# Where to publish Furry Stories?



## Dream_Merchant (Oct 27, 2019)

Hi Guys,

I tried a few of the links to threads above to info about publishing, but couldn't really find anything that worked for me - all broken links 

I was wondering if there is any published Furry stories out there - whether on Kindle, Amazon or something digital elsewhere at all? Is there a want for published stories at all?

I've written a number of personal stories, a few furry related and a many that aren't, but the furry stories are something that certainly interests me a lot and I would like to get something published in this genre, but I have no idea where to start or if there is any real desire for published works?


----------



## Fallowfox (Oct 27, 2019)

I think there's somebody called 'Kyell Gold' but I have never read their stories; I just know *of* them, so see where they published. 

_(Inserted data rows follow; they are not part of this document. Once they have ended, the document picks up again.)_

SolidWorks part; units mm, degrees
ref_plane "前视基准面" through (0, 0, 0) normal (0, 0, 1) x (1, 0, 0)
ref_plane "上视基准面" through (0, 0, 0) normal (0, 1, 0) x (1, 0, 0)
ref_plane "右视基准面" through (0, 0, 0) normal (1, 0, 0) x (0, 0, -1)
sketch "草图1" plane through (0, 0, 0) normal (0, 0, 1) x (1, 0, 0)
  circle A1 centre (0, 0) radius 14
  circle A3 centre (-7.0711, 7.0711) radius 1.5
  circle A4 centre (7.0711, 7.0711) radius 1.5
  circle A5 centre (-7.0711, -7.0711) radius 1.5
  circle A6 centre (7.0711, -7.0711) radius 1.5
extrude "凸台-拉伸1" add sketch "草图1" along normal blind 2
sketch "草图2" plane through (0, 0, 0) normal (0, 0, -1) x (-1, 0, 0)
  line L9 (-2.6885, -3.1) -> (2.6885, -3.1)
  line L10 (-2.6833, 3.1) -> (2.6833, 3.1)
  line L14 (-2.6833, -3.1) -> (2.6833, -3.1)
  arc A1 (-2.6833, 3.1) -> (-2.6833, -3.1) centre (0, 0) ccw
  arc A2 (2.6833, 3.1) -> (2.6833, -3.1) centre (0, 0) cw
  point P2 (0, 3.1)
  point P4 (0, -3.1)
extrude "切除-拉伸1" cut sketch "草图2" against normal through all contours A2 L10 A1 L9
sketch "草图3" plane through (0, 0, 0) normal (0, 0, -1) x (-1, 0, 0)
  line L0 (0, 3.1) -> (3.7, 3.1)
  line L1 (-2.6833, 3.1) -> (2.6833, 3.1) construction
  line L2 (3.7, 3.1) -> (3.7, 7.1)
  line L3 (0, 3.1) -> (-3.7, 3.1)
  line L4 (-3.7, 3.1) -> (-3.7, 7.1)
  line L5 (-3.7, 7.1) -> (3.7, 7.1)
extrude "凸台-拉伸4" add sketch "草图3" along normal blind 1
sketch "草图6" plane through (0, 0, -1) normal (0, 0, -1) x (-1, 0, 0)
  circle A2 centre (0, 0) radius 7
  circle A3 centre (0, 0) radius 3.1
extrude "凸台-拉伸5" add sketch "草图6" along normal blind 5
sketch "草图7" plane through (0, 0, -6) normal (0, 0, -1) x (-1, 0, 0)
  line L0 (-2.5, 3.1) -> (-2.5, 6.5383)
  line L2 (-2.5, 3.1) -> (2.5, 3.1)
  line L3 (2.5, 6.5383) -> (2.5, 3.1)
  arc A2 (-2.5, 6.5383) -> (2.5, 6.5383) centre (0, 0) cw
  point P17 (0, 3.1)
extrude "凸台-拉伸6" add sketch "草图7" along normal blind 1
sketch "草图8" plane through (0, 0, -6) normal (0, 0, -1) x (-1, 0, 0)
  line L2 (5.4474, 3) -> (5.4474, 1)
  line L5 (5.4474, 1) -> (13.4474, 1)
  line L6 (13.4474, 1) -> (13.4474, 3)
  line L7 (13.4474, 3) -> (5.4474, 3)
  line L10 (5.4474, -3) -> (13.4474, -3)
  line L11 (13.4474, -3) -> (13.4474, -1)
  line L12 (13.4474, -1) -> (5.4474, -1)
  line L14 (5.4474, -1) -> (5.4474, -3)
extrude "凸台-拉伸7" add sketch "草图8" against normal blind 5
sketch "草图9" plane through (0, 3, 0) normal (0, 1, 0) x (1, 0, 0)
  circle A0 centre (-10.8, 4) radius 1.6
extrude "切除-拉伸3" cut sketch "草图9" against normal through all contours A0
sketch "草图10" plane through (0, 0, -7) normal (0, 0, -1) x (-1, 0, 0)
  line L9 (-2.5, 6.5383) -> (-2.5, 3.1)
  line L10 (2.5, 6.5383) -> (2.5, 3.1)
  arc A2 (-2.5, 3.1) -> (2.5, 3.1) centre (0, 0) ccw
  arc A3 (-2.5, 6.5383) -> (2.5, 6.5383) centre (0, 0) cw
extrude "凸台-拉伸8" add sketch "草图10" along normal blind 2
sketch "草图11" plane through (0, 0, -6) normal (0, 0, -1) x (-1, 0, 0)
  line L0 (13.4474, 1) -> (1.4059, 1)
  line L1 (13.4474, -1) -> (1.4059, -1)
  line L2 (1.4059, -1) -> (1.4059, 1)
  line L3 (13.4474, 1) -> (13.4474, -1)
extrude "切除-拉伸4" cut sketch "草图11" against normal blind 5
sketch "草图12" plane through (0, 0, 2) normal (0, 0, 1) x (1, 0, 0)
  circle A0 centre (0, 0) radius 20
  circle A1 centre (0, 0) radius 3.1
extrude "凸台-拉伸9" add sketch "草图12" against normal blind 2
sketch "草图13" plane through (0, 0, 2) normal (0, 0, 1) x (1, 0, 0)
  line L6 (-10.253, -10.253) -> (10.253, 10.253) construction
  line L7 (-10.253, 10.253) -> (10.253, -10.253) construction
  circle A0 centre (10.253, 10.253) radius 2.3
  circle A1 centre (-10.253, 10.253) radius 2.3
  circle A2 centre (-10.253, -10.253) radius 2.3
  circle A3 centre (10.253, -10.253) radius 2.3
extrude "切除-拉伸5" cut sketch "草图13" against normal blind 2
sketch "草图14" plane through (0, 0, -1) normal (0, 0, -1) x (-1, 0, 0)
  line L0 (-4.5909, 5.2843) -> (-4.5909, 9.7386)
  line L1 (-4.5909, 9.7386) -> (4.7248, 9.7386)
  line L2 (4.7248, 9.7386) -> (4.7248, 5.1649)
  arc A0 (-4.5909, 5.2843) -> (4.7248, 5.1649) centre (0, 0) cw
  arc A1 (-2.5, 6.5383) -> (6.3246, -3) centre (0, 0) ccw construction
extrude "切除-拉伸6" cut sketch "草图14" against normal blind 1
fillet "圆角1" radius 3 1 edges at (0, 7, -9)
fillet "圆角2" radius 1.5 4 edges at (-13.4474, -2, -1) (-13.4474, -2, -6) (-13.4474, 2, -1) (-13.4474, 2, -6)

There's always patreon as well, if you want to release chapters.


----------



## artoni (Oct 28, 2019)

I know there's the War With No Name series; I wouldn't call it 'furry' so much as 'anthro', though, insomuch as they WERE animals that then gained a higher degree of sentience. So there clearly is some sort of market for it.

Self-publishing is certainly an option, though.


----------



## hara-surya (Oct 28, 2019)

Some of my best selling stories on Amazon are Furry. I won't say they sell gangbusters, but reasonably steady. There's a handful of authors on Amazon Kindle that sell Furry stories with (probably a lot) more success than me, but I have a feeling it's more of an untapped market than a true lack of interest.

I also think for Furry stories you might have trouble finding even a small press publisher interested it taking it up, unless it's their niche. If the self-publishing boom from Amazon has taught the book buying market anything it's that the Big Four publishers are morons and are leaving hundreds of millions on the table by having such a pigeonholed view of what's "publishable." Remember, these are the same people that needed a small child to tell them Harry Potter should be published because the supposed experts didn't get it.

I have this gut feeling though that, frankly, Furries as an audience are just cheap and don't want to pay even when it's offered. I view them like Linux users when it comes to commercial software and it seems to fall somewhere between an ideological stance coupled with there simply being a glut of reasonable quality free offerings that lower the value of paid versions.


----------



## Dream_Merchant (Nov 10, 2019)

Thank you for the replies! Helped me a lot


----------



## Z-ro (Nov 10, 2019)

Welp, I share my sotry to those who wanna read it
It's no masterpiece or anything like that, It's kinda derpy 
and.....wimpy but uhm......Yeah, I share it to those who would like to read it


----------



## Alison Savros (Nov 10, 2019)

artoni said:


> I know there's the War With No Name series; I wouldn't call it 'furry' so much as 'anthro', though, insomuch as they WERE animals that then gained a higher degree of sentience. So there clearly is some sort of market for it.
> 
> Self-publishing is certainly an option, though.


Don't they already have a maximum degree of sentience? It doesn't really go any further than thinking, feeling, emotions, etc. Unless they're supposed to be some kind of hyperintelligent aliens or something? But so much as having minimum sentience would mean an inability to function to a certain degree.


----------



## furvoreite (Jan 4, 2020)

I'm a bit late to the party, but...probably the most known furry writer is Kyell Gold (whom someone mentioned above), who seems to be doing pretty well. He is published by Welcome to Sofawolf Press | Sofawolf Press

Getting into writing is a very tough business, though - there's so many writers out there it's very difficult to get noticed. I think it's a good idea to try entering some furry writing competitions and whatnot to gain some recognition (SofaWolf, for example, publish collections of short furry stories - try writing something for them and see if they publish it in their next issue!).

Submissions | Sofawolf Press

Good luck!


----------



## Dream_Merchant (Jan 5, 2020)

Thanks! I'll be sure to check them out


----------



## reid minnich (Jan 6, 2020)

OtterCorrect Literature
Armoured Fox Press
weaselpress.com
Thurston Howl
Fur Planet
SofaWolf
Fenris Publishing


----------